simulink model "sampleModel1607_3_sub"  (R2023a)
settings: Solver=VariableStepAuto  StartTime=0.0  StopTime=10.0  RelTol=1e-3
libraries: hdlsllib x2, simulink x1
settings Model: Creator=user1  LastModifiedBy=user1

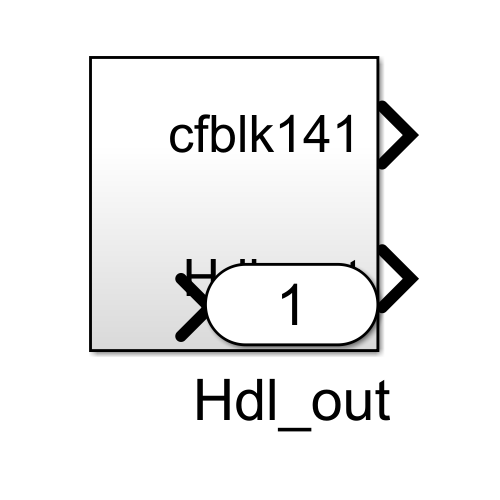
[thumbnail: Simulink's stored preview of the top-level diagram]
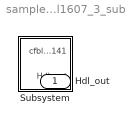
== system sampleModel1607_3_sub ==
  Subsystem : Subsystem
  Hdl_out : Outport  OutDataTypeStr=uint8

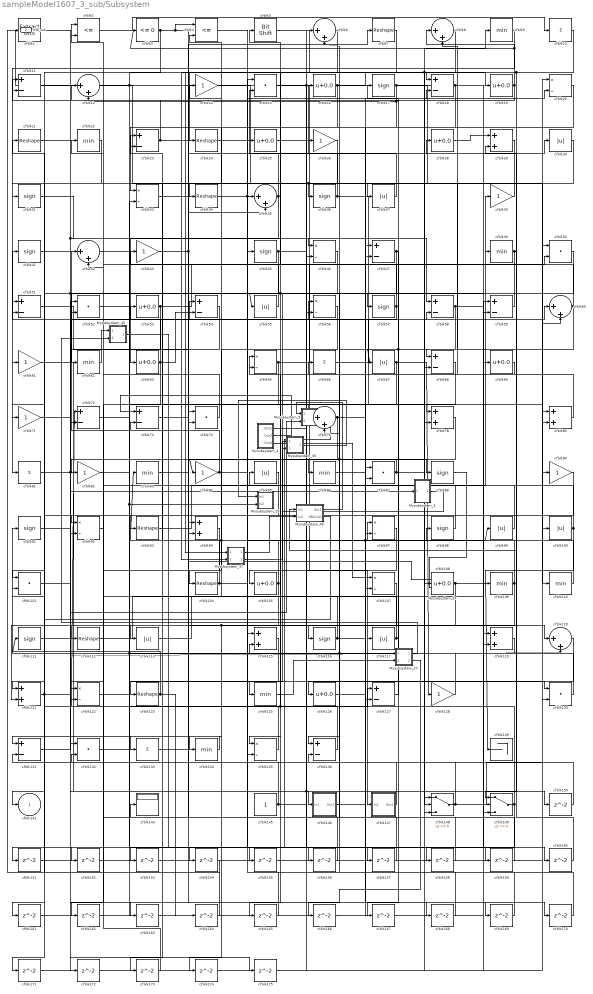
== system sampleModel1607_3_sub/Subsystem ==
  Mysubsystem_19 : Subsystem  TreatAsAtomicUnit=on  RTWFcnName=Mysubsystem_19
      settings: RTWFcnNameOpts=User specified  RTWFileNameOpts=Use function name
  Mysubsystem_2 : Subsystem  TreatAsAtomicUnit=on  RTWFcnName=Mysubsystem_2
      settings: RTWFcnNameOpts=User specified  RTWFileNameOpts=Use function name
  Mysubsystem_24 : Subsystem  TreatAsAtomicUnit=on  RTWFcnName=Mysubsystem_24
      settings: RTWFcnNameOpts=User specified  RTWFileNameOpts=Use function name
  Mysubsystem_27 : Subsystem  TreatAsAtomicUnit=on  RTWFcnName=Mysubsystem_27
      settings: RTWFcnNameOpts=User specified  RTWFileNameOpts=Use function name
  Mysubsystem_3 : Subsystem  TreatAsAtomicUnit=on  RTWFcnName=Mysubsystem_3
      settings: RTWFcnNameOpts=User specified  RTWFileNameOpts=Use function name
  Mysubsystem_35 : Subsystem  TreatAsAtomicUnit=on  RTWFcnName=Mysubsystem_35
      settings: RTWFcnNameOpts=User specified  RTWFileNameOpts=Use function name
  Mysubsystem_37 : Subsystem  TreatAsAtomicUnit=on  RTWFcnName=Mysubsystem_37
      settings: RTWFcnNameOpts=User specified  RTWFileNameOpts=Use function name
  Mysubsystem_43 : Subsystem  TreatAsAtomicUnit=on  RTWFcnName=Mysubsystem_43
      settings: RTWFcnNameOpts=User specified  RTWFileNameOpts=Use function name
  Mysubsystem_45 : Subsystem  TreatAsAtomicUnit=on  RTWFcnName=Mysubsystem_45
      settings: RTWFcnNameOpts=User specified  RTWFileNameOpts=Use function name
  Mysubsystem_5 : Subsystem  TreatAsAtomicUnit=on  RTWFcnName=Mysubsystem_5
      settings: RTWFcnNameOpts=User specified  RTWFileNameOpts=Use function name
  cfblk1 : simulink/Logic and Bit Operations/Extract Bits  bitsToExtract=Upper half  numBits=8  bitIdxRange=[0 7]  outScalingMode=Preserve fixed-point scaling
      settings: LibrarySourceBlock=|
      | hdlsllib/Logic and Bit
      | Operations/Extract Bits
  cfblk{10,66,81,133} (4 alike) : Sum  Inputs=+  OutDataTypeStr=uint8
  cfblk{30,37,55,67,85,99..100,113,117} (9 alike) : Abs  OutDataTypeStr=uint8  SaturateOnIntegerOverflow=off
  cfblk{15,50,52,74,87,101,130,132} (8 alike) : DotProduct  OutDataTypeStr=uint8
  cfblk{7,21,24,34,93,104,112,123} (8 alike) : Reshape
  cfblk{16,19,25,28,53,63,69,105,108,126} (10 alike) : Bias  Bias=0.0  SaturateOnIntegerOverflow=off
  cfblk{20,33,46,56,65,92,97,107,122,135} (10 alike) : Product  Inputs=*/  OutDataTypeStr=uint8  RndMeth=Zero  SaturateOnIntegerOverflow=on
  cfblk{9,22,49,62,83,86,109..110,125,134} (10 alike) : MinMax  OutDataTypeStr=uint8
  cfblk{11,18,23,47,51,54,58..59,68,72..73,127,131,136} (14 alike) : Sum  Inputs=+-  OutDataTypeStr=uint8
  cfblk{17,31,36,41,45,57,88,91,98,111,116} (11 alike) : Signum
  cfblk{29,78,80,94,115,119,121} (7 alike) : Sum  OutDataTypeStr=uint8
  cfblk{6,8,12,35,42,60,76,120} (8 alike) : Sum  Inputs=|++  OutDataTypeStr=uint8
  cfblk{14,26,39,43,61,71,82,84,90,128} (10 alike) : Gain  OutDataTypeStr=uint8
  cfblk139 : Terminator
  cfblk143 : Display
  cfblk145 : Constant  OutDataTypeStr=uint8  SampleTime=-1
  cfblk146 : Subsystem
      settings: LibrarySourceBlock=|
      | hdlsllib/Ports &
      | Subsystems/Subsystem
  cfblk147 : Subsystem
      settings: LibrarySourceBlock=|
      | hdlsllib/Ports &
      | Subsystems/Subsystem
  cfblk148 : Switch  OutDataTypeStr=uint8  SaturateOnIntegerOverflow=off  InputSameDT=off
  cfblk149 : Switch  OutDataTypeStr=uint8  SaturateOnIntegerOverflow=off  InputSameDT=off
  cfblk{150..175} (26 alike) : Delay  SampleTime=1
  cfblk2 : RelationalOperator  Operator=<=  OutDataTypeStr=boolean  InputSameDT=off
  cfblk3 : hdlsllib/Logic and Bit Operations/Compare To Zero  relop=<=  OutDataTypeStr=uint8
  cfblk4 : RelationalOperator  Operator=<=  OutDataTypeStr=boolean  InputSameDT=off
  cfblk5 : hdlsllib/Logic and Bit Operations/Bit Shift  mode=Shift Left Logical  N=0
  cfblk141 : Outport  OutDataTypeStr=uint8  VectorParamsAs1DForOutWhenUnconnected=off
  Hdl_out : Outport  Port=2  OutDataTypeStr=uint8
  wires:
  cfblk10/1 -> cfblk149/1, cfblk68/2, Mysubsystem_37/2(In2)
  cfblk9/1 -> cfblk81/1
  cfblk47/1 -> cfblk123/1, cfblk167/1, cfblk67/1
  cfblk35/1 -> cfblk15/2, cfblk63/1
  cfblk6/1 -> cfblk165/1, cfblk55/1
  cfblk61/1 -> cfblk146/1(In1)
  cfblk84/1 -> cfblk18/2, cfblk42/1
  cfblk2/1 -> cfblk10/1
  cfblk136/1 -> cfblk85/1, cfblk72/1
  cfblk120/1 -> cfblk143/1
  cfblk78/1 -> cfblk116/1, cfblk84/1
  cfblk108/1 -> cfblk121/2, cfblk139/1
  cfblk110/1 -> cfblk54/1, cfblk83/1
  cfblk24/1 -> cfblk100/1
  cfblk93/1 -> cfblk39/1
  cfblk97/1 -> cfblk135/1
  cfblk41/1 -> cfblk132/1
  cfblk67/1 -> cfblk125/1, cfblk128/1
  cfblk15/1 -> cfblk107/2, cfblk147/1(In1)
  cfblk99/1 -> cfblk65/1
  cfblk3/1 -> cfblk71/1, cfblk120/1, cfblk4/1
  cfblk31/1 -> cfblk46/1
  cfblk60/1 -> cfblk23/1, cfblk126/1
  cfblk107/1 -> cfblk174/1, cfblk133/1
  cfblk65/1 -> cfblk113/1, cfblk49/1
  cfblk26/1 -> cfblk93/1
  cfblk55/1 -> cfblk22/1
  cfblk149/1 -> cfblk171/1, cfblk66/1
  cfblk21/1 -> cfblk46/2
  cfblk22/1 -> cfblk61/1
  cfblk123/1 -> cfblk164/1, cfblk91/1
  cfblk36/1 -> cfblk25/1, cfblk110/1
  cfblk117/1 -> cfblk157/1, cfblk4/2
  cfblk39/1 -> cfblk31/1
  cfblk130/1 -> cfblk17/1
  cfblk57/1 -> cfblk51/2, cfblk5/1
  cfblk109/1 -> cfblk162/1, cfblk43/1
  cfblk104/1 -> cfblk98/1, cfblk73/2
  cfblk82/1 -> cfblk56/1
  cfblk49/1 -> cfblk117/1, Mysubsystem_43/1(In1)
  cfblk132/1 -> cfblk127/1
  cfblk20/1 -> cfblk105/1
  cfblk68/1 -> cfblk135/2
  cfblk98/1 -> cfblk2/1
  cfblk94/1 -> cfblk112/1
  cfblk8/1 -> cfblk24/1
  cfblk135/1 -> cfblk21/1
  cfblk134/1 -> cfblk131/1
  cfblk105/1 -> cfblk173/1, cfblk14/1
  cfblk119/1 -> cfblk115/2
  cfblk17/1 -> cfblk60/2, cfblk12/2, cfblk33/1
  cfblk37/1 -> cfblk16/1
  cfblk14/1 -> cfblk37/1
  cfblk126/1 -> cfblk20/2, cfblk99/1
  cfblk76/1 -> cfblk94/2, cfblk30/1
  cfblk127/1 -> cfblk97/1
  cfblk128/1 -> cfblk6/2, cfblk111/1
  cfblk28/1 -> cfblk29/1
  cfblk42/1 -> cfblk130/1, Mysubsystem_19/2(In2)
  cfblk116/1 -> cfblk149/3, cfblk2/2
  cfblk18/1 -> Hdl_out/1, cfblk87/2, cfblk119/1
  cfblk19/1 -> cfblk11/2, cfblk3/1, cfblk8/1
  cfblk63/1 -> cfblk54/2, cfblk92/1, cfblk41/1
  cfblk5/1 -> cfblk148/2
  cfblk121/1 -> cfblk151/1, cfblk150/1
  cfblk59/1 -> cfblk57/1
  cfblk80/1 -> cfblk8/2
  cfblk100/1 -> cfblk23/2, cfblk109/1
  cfblk16/1 -> cfblk19/1, cfblk34/1
  cfblk46/1 -> cfblk121/1
  cfblk72/1 -> cfblk78/1
  cfblk56/1 -> cfblk104/1
  cfblk33/1 -> cfblk35/2
  cfblk25/1 -> cfblk58/1
  cfblk147/1(Out1) -> cfblk51/1
  cfblk45/1 -> cfblk159/1, cfblk62/1
  cfblk131/1 -> cfblk52/1
  cfblk90/1 -> cfblk122/1
  cfblk51/1 -> cfblk74/2
  cfblk87/1 -> cfblk9/1, cfblk82/1
  cfblk122/1 -> Mysubsystem_27/1(In1), cfblk50/2
  cfblk1/1 -> cfblk120/2, cfblk59/2
  cfblk12/1 -> cfblk154/1, cfblk18/1, cfblk108/1
  cfblk113/1 -> cfblk45/1
  cfblk69/1 -> cfblk65/2
  cfblk85/1 -> cfblk101/1
  cfblk74/1 -> cfblk12/1
  cfblk58/1 -> cfblk160/1, cfblk76/1
  cfblk53/1 -> cfblk92/2, cfblk20/1
  cfblk50/1 -> cfblk136/1
  cfblk23/1 -> cfblk169/1, cfblk11/1
  cfblk11/1 -> cfblk168/1, cfblk47/2
  cfblk73/1 -> cfblk86/1
  cfblk112/1 -> cfblk69/1
  cfblk83/1 -> cfblk7/1
  cfblk115/1 -> cfblk134/1
  cfblk66/1 -> cfblk58/2
  cfblk81/1 -> cfblk53/1, Mysubsystem_3/1(In1)
  cfblk146/1(Out1) -> cfblk97/2
  cfblk52/1 -> cfblk80/2
  cfblk148/1 -> cfblk52/2, cfblk90/1
  cfblk34/1 -> cfblk26/1, cfblk88/1
  cfblk30/1 -> cfblk68/1
  cfblk133/1 -> cfblk94/1
  cfblk29/1 -> cfblk161/1, cfblk36/1
  cfblk43/1 -> cfblk28/1, Mysubsystem_24/1(In1)
  cfblk145/1 -> cfblk101/2, cfblk149/2, cfblk60/1
  cfblk150/1 -> cfblk132/2
  cfblk151/1 -> cfblk127/2
  cfblk92/1 -> cfblk152/1
  cfblk152/1 -> cfblk35/1
  cfblk54/1 -> cfblk153/1
  cfblk153/1 -> cfblk50/1
  cfblk154/1 -> cfblk1/1
  cfblk155/1 -> cfblk80/1
  cfblk4/1 -> cfblk156/1
  cfblk156/1 -> cfblk42/2
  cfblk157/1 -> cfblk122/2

☆ ☆ ☆ ☆ ☆ ☆ ☆

◆ What you should do:
Above are the records; print exactly the lines from the line with "cfblk83/1 -> cfblk7/1" to the line with "cfblk43/1 -> cfblk28/1, Mysubsystem_24/1(In1)", including both, and nothing else.

◆ Task result:
  cfblk83/1 -> cfblk7/1
  cfblk115/1 -> cfblk134/1
  cfblk66/1 -> cfblk58/2
  cfblk81/1 -> cfblk53/1, Mysubsystem_3/1(In1)
  cfblk146/1(Out1) -> cfblk97/2
  cfblk52/1 -> cfblk80/2
  cfblk148/1 -> cfblk52/2, cfblk90/1
  cfblk34/1 -> cfblk26/1, cfblk88/1
  cfblk30/1 -> cfblk68/1
  cfblk133/1 -> cfblk94/1
  cfblk29/1 -> cfblk161/1, cfblk36/1
  cfblk43/1 -> cfblk28/1, Mysubsystem_24/1(In1)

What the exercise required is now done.